Please find the lines in the following records that hold "ezdxf", and copy them.

[[ Data open ]]

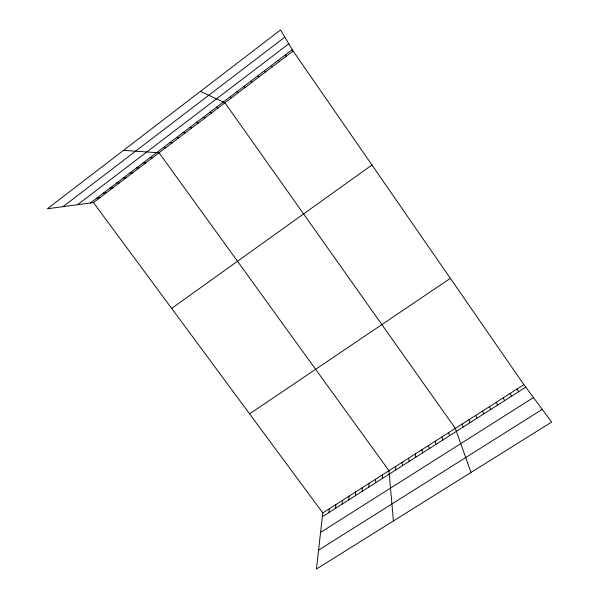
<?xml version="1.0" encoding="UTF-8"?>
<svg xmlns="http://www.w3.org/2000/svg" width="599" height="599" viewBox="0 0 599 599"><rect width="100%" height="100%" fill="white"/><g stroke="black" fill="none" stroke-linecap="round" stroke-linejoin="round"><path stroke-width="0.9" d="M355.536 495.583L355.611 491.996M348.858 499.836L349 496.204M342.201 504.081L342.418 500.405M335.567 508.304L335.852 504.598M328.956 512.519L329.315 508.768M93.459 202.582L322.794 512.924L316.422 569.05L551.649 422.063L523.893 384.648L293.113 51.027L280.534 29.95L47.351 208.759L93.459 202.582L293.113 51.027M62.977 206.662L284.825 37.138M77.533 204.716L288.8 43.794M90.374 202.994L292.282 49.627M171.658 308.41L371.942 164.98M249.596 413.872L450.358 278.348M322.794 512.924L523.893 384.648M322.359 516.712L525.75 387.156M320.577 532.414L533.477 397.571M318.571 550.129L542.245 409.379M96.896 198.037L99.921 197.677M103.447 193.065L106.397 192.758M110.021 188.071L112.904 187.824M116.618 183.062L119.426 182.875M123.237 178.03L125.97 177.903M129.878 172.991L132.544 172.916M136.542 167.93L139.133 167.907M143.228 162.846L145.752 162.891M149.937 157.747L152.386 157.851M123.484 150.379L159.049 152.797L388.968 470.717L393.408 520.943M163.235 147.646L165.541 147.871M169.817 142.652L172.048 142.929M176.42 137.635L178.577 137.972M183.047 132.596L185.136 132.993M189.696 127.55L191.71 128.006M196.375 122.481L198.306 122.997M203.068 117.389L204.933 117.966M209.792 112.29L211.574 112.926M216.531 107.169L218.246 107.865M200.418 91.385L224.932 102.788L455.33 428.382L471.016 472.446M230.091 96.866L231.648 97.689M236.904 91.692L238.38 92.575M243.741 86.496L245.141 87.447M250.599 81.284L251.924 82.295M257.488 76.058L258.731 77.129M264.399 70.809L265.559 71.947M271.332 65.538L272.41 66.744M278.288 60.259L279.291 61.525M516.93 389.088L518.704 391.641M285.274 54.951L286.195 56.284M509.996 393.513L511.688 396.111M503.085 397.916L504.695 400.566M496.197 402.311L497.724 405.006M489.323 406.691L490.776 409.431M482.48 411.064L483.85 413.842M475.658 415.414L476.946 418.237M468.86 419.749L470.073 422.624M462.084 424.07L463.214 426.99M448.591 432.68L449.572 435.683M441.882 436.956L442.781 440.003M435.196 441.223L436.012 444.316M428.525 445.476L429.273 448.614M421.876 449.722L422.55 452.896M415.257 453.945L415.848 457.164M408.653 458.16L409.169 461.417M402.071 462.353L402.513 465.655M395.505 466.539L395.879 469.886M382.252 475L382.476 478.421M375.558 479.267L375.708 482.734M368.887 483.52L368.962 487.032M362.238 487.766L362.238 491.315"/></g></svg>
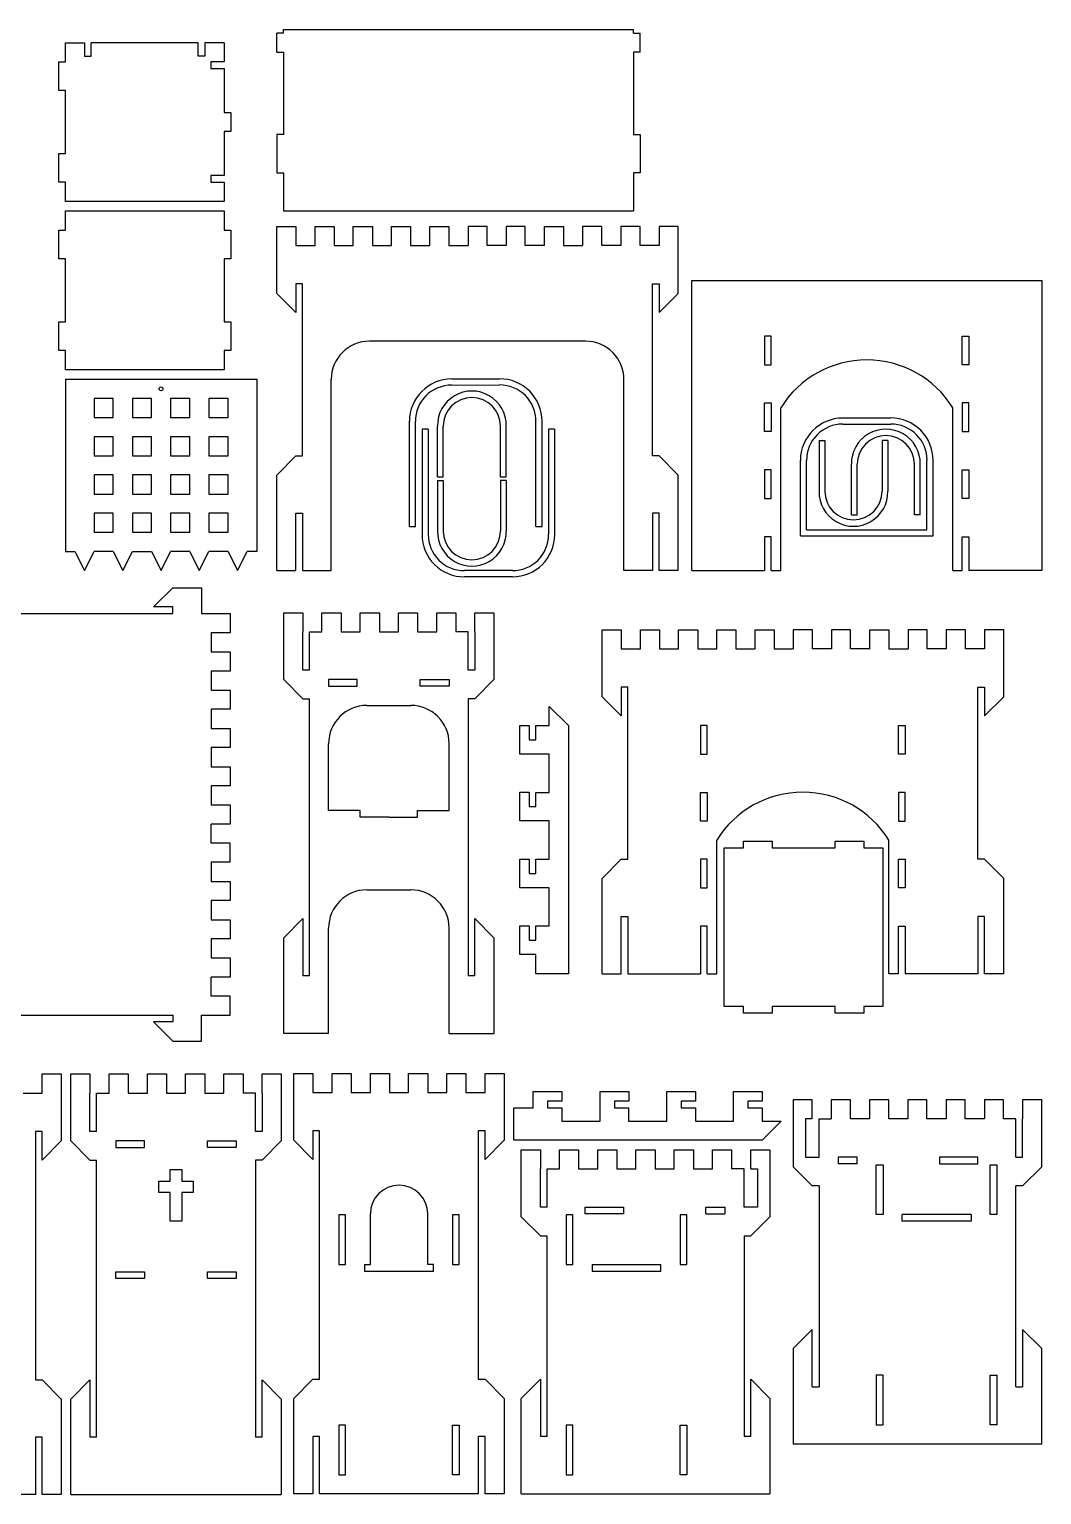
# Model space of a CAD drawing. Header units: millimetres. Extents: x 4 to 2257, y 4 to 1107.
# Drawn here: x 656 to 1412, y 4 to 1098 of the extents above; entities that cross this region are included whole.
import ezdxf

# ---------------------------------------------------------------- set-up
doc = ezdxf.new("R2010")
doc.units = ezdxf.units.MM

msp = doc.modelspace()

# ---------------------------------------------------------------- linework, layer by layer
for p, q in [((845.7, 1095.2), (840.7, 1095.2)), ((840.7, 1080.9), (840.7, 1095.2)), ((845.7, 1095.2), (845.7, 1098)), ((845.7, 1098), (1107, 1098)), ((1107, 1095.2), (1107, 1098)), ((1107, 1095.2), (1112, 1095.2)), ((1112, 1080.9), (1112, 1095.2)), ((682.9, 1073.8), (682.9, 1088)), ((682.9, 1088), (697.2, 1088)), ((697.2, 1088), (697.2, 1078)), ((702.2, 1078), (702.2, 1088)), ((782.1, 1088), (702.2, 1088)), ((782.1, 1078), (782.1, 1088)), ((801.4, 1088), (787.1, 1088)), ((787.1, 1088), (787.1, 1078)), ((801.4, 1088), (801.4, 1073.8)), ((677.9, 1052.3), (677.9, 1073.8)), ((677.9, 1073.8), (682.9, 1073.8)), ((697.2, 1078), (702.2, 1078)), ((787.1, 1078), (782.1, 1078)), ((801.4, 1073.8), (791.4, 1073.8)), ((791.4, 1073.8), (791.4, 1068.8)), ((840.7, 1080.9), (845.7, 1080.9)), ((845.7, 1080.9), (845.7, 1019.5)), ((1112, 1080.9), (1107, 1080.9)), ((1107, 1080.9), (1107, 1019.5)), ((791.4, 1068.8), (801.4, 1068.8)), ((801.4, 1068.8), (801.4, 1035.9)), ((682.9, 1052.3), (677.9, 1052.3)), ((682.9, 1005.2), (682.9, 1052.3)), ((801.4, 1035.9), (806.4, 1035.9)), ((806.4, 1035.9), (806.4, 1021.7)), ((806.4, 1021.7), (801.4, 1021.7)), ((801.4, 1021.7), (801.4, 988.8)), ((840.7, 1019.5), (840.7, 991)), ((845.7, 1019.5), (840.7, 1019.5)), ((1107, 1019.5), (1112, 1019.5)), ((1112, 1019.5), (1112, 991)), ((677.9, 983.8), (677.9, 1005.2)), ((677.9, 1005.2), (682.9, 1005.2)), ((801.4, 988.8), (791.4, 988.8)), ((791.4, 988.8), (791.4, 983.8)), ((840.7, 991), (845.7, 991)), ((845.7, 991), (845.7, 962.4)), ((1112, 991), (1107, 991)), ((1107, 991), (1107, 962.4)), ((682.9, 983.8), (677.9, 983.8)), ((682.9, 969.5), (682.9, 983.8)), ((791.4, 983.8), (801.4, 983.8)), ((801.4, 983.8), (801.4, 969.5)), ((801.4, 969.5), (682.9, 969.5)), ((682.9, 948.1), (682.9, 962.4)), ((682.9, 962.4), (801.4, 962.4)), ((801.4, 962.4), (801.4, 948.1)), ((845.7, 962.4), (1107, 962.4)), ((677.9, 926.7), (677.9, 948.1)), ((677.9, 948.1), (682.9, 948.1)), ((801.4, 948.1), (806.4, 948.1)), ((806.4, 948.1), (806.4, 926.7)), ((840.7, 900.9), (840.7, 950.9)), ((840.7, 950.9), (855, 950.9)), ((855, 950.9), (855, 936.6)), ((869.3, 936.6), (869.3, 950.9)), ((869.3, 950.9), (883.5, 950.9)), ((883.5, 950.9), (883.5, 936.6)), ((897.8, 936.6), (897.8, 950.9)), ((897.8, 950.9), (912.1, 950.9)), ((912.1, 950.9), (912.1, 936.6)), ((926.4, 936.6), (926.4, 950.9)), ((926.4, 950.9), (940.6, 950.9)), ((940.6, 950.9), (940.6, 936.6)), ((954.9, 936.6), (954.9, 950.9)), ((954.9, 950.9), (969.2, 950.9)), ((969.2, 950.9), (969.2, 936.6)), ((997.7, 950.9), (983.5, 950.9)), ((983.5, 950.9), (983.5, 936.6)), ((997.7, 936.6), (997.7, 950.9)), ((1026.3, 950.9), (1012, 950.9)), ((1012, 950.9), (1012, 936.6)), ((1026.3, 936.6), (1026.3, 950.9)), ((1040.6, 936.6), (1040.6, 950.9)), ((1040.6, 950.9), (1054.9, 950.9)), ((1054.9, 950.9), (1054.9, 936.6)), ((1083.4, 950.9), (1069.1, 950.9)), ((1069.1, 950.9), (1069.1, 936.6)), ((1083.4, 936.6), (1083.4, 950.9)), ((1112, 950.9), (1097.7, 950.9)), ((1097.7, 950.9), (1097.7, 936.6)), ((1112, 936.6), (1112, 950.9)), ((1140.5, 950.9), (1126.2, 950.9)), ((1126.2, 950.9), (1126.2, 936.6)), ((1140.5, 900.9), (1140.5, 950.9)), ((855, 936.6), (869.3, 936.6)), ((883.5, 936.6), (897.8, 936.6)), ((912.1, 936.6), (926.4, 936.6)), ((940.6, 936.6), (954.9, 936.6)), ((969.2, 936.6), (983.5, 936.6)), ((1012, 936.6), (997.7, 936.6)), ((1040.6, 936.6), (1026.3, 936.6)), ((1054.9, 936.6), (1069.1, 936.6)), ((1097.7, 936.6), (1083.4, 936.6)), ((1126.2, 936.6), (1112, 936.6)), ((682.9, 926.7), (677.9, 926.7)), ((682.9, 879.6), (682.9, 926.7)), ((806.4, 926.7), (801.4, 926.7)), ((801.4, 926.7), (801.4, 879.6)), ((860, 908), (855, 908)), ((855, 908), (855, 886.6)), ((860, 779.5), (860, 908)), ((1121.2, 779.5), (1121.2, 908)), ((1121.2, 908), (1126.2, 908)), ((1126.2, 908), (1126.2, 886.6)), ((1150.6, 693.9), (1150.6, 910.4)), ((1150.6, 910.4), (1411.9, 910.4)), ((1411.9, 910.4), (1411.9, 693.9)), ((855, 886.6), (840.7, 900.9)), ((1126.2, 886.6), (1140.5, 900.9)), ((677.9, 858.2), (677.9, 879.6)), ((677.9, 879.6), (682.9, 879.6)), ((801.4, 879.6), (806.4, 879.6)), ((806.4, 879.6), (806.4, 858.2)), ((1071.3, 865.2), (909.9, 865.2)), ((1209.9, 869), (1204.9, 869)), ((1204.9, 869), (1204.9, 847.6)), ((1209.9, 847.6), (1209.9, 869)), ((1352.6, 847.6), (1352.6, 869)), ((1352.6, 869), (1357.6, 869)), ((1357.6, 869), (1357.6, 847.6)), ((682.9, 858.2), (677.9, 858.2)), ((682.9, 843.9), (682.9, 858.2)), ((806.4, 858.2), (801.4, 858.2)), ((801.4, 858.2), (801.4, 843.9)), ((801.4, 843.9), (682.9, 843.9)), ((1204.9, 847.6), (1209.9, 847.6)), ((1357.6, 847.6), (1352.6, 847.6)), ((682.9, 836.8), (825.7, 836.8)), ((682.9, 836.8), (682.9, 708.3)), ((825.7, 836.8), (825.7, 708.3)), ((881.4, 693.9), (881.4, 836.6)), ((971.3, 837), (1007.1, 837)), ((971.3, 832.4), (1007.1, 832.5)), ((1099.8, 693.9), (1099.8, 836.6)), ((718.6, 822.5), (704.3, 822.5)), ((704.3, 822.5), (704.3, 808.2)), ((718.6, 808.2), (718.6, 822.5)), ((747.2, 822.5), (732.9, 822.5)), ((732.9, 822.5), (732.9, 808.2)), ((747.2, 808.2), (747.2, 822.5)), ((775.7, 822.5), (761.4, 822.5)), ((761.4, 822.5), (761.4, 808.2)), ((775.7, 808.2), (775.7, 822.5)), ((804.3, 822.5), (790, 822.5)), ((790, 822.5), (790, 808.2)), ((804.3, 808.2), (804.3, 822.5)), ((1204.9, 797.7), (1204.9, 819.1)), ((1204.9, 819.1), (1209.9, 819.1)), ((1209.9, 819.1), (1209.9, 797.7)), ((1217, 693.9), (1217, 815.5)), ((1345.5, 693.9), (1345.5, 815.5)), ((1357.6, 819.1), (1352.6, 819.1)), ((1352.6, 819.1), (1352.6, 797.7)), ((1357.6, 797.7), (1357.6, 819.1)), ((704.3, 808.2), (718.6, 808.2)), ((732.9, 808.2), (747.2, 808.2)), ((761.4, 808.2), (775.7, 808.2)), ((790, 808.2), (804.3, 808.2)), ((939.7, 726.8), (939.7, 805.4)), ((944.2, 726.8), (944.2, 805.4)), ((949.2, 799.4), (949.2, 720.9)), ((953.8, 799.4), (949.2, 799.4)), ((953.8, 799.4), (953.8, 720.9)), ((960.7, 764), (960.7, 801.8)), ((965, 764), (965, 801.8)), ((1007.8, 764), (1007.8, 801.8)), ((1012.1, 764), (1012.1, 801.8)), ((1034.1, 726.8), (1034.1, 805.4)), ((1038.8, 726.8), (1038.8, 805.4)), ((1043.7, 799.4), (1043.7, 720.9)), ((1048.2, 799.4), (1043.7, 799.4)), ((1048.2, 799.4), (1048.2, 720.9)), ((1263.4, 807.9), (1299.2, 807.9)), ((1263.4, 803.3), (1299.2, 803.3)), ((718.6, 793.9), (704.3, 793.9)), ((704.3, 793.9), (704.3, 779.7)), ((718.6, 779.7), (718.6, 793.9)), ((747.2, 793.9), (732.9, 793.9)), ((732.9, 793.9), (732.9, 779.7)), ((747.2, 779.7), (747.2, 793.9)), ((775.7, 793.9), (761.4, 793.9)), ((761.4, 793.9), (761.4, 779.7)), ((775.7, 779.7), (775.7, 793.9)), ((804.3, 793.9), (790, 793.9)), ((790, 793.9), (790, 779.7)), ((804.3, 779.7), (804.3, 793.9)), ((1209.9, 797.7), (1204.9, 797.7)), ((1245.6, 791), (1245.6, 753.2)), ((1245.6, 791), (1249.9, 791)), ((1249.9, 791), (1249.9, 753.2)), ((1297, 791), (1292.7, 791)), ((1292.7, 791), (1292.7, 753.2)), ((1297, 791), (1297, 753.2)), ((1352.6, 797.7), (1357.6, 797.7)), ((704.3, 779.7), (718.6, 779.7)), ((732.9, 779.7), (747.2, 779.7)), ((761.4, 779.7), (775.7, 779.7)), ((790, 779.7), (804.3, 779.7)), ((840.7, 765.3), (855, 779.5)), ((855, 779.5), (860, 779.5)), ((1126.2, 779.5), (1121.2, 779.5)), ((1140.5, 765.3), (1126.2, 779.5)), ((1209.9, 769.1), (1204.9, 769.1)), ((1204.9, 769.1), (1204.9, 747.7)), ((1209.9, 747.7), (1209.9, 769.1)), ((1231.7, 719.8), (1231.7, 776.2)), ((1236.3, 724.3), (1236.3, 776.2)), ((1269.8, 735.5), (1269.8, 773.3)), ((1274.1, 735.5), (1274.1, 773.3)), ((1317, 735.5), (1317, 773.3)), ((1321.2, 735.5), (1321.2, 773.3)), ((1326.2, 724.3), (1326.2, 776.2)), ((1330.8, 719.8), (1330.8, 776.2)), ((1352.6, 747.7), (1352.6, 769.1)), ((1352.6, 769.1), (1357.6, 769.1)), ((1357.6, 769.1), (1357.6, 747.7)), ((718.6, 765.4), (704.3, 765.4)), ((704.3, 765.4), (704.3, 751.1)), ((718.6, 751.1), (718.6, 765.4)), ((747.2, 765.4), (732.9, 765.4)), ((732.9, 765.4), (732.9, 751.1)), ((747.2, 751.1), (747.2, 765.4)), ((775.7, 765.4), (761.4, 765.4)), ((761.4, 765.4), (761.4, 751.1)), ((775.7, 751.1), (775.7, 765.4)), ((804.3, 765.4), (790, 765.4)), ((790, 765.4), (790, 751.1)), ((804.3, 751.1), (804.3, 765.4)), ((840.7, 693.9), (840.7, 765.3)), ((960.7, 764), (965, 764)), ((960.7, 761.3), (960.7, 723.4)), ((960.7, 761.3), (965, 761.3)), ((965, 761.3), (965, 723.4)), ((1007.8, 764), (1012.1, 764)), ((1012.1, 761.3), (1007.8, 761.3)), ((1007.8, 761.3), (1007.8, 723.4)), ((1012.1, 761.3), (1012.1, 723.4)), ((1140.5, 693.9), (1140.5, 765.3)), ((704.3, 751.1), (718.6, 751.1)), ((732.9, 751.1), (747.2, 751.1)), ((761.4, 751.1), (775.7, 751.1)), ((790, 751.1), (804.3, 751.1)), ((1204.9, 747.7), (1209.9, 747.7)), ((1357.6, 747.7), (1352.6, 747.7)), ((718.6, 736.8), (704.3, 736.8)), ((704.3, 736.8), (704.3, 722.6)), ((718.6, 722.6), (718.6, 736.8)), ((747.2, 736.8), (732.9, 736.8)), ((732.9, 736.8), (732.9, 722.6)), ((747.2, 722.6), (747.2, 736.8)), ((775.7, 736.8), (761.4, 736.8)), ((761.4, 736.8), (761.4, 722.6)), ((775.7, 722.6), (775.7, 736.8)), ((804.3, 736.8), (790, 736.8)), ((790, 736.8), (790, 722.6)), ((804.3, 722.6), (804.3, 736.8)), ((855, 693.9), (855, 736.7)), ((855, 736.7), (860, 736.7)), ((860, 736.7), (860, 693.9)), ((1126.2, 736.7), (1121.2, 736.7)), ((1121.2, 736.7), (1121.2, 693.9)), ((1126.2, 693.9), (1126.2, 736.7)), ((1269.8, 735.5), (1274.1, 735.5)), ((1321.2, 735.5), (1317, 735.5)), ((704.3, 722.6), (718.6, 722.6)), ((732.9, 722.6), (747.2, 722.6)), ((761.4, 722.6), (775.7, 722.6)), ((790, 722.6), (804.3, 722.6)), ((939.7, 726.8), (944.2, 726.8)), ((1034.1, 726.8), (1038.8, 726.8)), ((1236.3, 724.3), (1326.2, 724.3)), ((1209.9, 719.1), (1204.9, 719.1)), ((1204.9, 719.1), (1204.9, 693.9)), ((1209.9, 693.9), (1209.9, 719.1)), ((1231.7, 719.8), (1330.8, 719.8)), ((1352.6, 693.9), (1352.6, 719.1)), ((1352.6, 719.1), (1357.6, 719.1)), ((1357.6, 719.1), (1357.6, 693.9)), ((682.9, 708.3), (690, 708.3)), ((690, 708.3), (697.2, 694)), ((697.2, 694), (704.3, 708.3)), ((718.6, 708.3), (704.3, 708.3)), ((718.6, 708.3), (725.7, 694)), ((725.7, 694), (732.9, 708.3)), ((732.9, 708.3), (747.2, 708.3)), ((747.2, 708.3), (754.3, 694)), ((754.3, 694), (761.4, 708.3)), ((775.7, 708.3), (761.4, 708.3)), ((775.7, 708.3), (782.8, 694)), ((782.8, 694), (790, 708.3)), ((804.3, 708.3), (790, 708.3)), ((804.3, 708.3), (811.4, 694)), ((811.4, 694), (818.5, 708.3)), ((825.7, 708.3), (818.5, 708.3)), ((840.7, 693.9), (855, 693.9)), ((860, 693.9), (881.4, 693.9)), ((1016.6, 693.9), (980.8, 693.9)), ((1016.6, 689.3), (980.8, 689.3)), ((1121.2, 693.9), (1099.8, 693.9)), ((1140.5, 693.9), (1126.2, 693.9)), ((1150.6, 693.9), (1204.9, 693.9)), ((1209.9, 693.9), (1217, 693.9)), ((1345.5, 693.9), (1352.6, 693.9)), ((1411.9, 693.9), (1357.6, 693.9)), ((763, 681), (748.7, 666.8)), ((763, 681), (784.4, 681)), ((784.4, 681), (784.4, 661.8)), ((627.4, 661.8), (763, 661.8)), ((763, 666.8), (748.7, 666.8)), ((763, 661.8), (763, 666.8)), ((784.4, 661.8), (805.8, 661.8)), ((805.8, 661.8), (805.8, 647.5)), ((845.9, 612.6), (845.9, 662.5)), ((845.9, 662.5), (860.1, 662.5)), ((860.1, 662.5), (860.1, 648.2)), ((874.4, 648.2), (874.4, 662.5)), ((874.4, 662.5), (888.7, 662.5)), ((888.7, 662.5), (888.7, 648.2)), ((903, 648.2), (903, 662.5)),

[[ Data closed ]]

▶ [Response area]
import ezdxf
doc = ezdxf.new("R2010")
doc.units = ezdxf.units.MM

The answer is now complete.